ACTIVITY:
Could you repeat the records below exactly, leaving the pictures out?

=-=-=-=-=

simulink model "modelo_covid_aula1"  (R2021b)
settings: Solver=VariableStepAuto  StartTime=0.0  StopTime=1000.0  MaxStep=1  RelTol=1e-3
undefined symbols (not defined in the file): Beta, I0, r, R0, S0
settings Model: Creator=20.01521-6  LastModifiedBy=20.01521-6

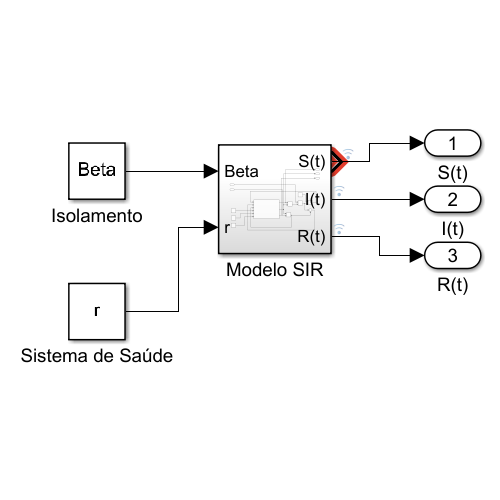
[thumbnail: Simulink's stored preview of the top-level diagram]
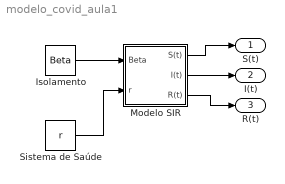
== system modelo_covid_aula1 ==
  Isolamento : Constant  Value=Beta
  Modelo SIR : Subsystem
  Sistema de Saúde : Constant  Value=r
  S(t) : Outport
  I(t) : Outport  Port=2
  R(t) : Outport  Port=3
  wires:
  Isolamento/1 -> Modelo SIR/1(Beta)
  Sistema de Saúde/1 -> Modelo SIR/2(r)
  Modelo SIR/1(S(t)) -> S(t)/1
  Modelo SIR/2(I(t)) -> I(t)/1
  Modelo SIR/3(R(t)) -> R(t)/1

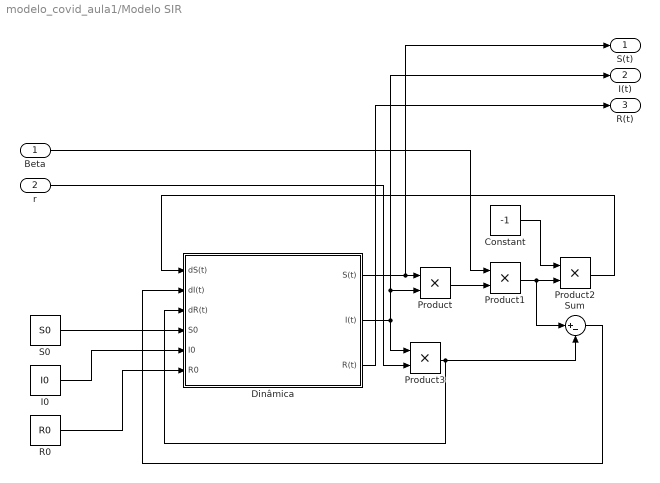
== system modelo_covid_aula1/Modelo SIR ==
  Beta : Inport
  r : Inport  Port=2
  Constant : Constant  Value=-1
  Dinâmica : Subsystem
  I0 : Constant  Value=I0
  Product{,1..3} (4 alike) : Product
  R0 : Constant  Value=R0
  S0 : Constant  Value=S0
  Sum : Sum  Inputs=|+-
  S(t) : Outport
  I(t) : Outport  Port=2
  R(t) : Outport  Port=3
  wires:
  Dinâmica/1(S(t)) -> S(t)/1, Product/1
  Dinâmica/2(I(t)) -> I(t)/1, Product/2, Product3/1
  Product3/1 -> Dinâmica/3(dR(t)), Sum/2
  I0/1 -> Dinâmica/5(I0)
  Product1/1 -> Sum/1, Product2/2
  Dinâmica/3(R(t)) -> R(t)/1
  R0/1 -> Dinâmica/6(R0)
  Beta/1 -> Product1/1
  Product/1 -> Product1/2
  S0/1 -> Dinâmica/4(S0)
  Constant/1 -> Product2/1
  Sum/1 -> Dinâmica/2(dI(t))
  r/1 -> Product3/2
  Product2/1 -> Dinâmica/1(dS(t))

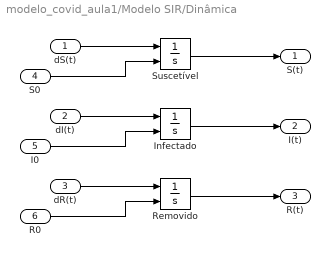
== system modelo_covid_aula1/Modelo SIR/Dinâmica ==
  dS(t) : Inport
  dI(t) : Inport  Port=2
  dR(t) : Inport  Port=3
  S0 : Inport  Port=4
  I0 : Inport  Port=5
  R0 : Inport  Port=6
  Infectado : Integrator  InitialConditionSource=external
  Removido : Integrator  InitialConditionSource=external
  Suscetível : Integrator  InitialConditionSource=external
  S(t) : Outport
  I(t) : Outport  Port=2
  R(t) : Outport  Port=3
  wires:
  Removido/1 -> R(t)/1
  dI(t)/1 -> Infectado/1
  S0/1 -> Suscetível/2
  R0/1 -> Removido/2
  Infectado/1 -> I(t)/1
  I0/1 -> Infectado/2
  Suscetível/1 -> S(t)/1
  dS(t)/1 -> Suscetível/1
  dR(t)/1 -> Removido/1

=-=-=-=-=

ANSWER BOX:
simulink model "modelo_covid_aula1"  (R2021b)
settings: Solver=VariableStepAuto  StartTime=0.0  StopTime=1000.0  MaxStep=1  RelTol=1e-3
undefined symbols (not defined in the file): Beta, I0, r, R0, S0
settings Model: Creator=20.01521-6  LastModifiedBy=20.01521-6

[thumbnail: Simulink's stored preview of the top-level diagram]
== system modelo_covid_aula1 ==
  Isolamento : Constant  Value=Beta
  Modelo SIR : Subsystem
  Sistema de Saúde : Constant  Value=r
  S(t) : Outport
  I(t) : Outport  Port=2
  R(t) : Outport  Port=3
  wires:
  Isolamento/1 -> Modelo SIR/1(Beta)
  Sistema de Saúde/1 -> Modelo SIR/2(r)
  Modelo SIR/1(S(t)) -> S(t)/1
  Modelo SIR/2(I(t)) -> I(t)/1
  Modelo SIR/3(R(t)) -> R(t)/1

== system modelo_covid_aula1/Modelo SIR ==
  Beta : Inport
  r : Inport  Port=2
  Constant : Constant  Value=-1
  Dinâmica : Subsystem
  I0 : Constant  Value=I0
  Product{,1..3} (4 alike) : Product
  R0 : Constant  Value=R0
  S0 : Constant  Value=S0
  Sum : Sum  Inputs=|+-
  S(t) : Outport
  I(t) : Outport  Port=2
  R(t) : Outport  Port=3
  wires:
  Dinâmica/1(S(t)) -> S(t)/1, Product/1
  Dinâmica/2(I(t)) -> I(t)/1, Product/2, Product3/1
  Product3/1 -> Dinâmica/3(dR(t)), Sum/2
  I0/1 -> Dinâmica/5(I0)
  Product1/1 -> Sum/1, Product2/2
  Dinâmica/3(R(t)) -> R(t)/1
  R0/1 -> Dinâmica/6(R0)
  Beta/1 -> Product1/1
  Product/1 -> Product1/2
  S0/1 -> Dinâmica/4(S0)
  Constant/1 -> Product2/1
  Sum/1 -> Dinâmica/2(dI(t))
  r/1 -> Product3/2
  Product2/1 -> Dinâmica/1(dS(t))

== system modelo_covid_aula1/Modelo SIR/Dinâmica ==
  dS(t) : Inport
  dI(t) : Inport  Port=2
  dR(t) : Inport  Port=3
  S0 : Inport  Port=4
  I0 : Inport  Port=5
  R0 : Inport  Port=6
  Infectado : Integrator  InitialConditionSource=external
  Removido : Integrator  InitialConditionSource=external
  Suscetível : Integrator  InitialConditionSource=external
  S(t) : Outport
  I(t) : Outport  Port=2
  R(t) : Outport  Port=3
  wires:
  Removido/1 -> R(t)/1
  dI(t)/1 -> Infectado/1
  S0/1 -> Suscetível/2
  R0/1 -> Removido/2
  Infectado/1 -> I(t)/1
  I0/1 -> Infectado/2
  Suscetível/1 -> S(t)/1
  dS(t)/1 -> Suscetível/1
  dR(t)/1 -> Removido/1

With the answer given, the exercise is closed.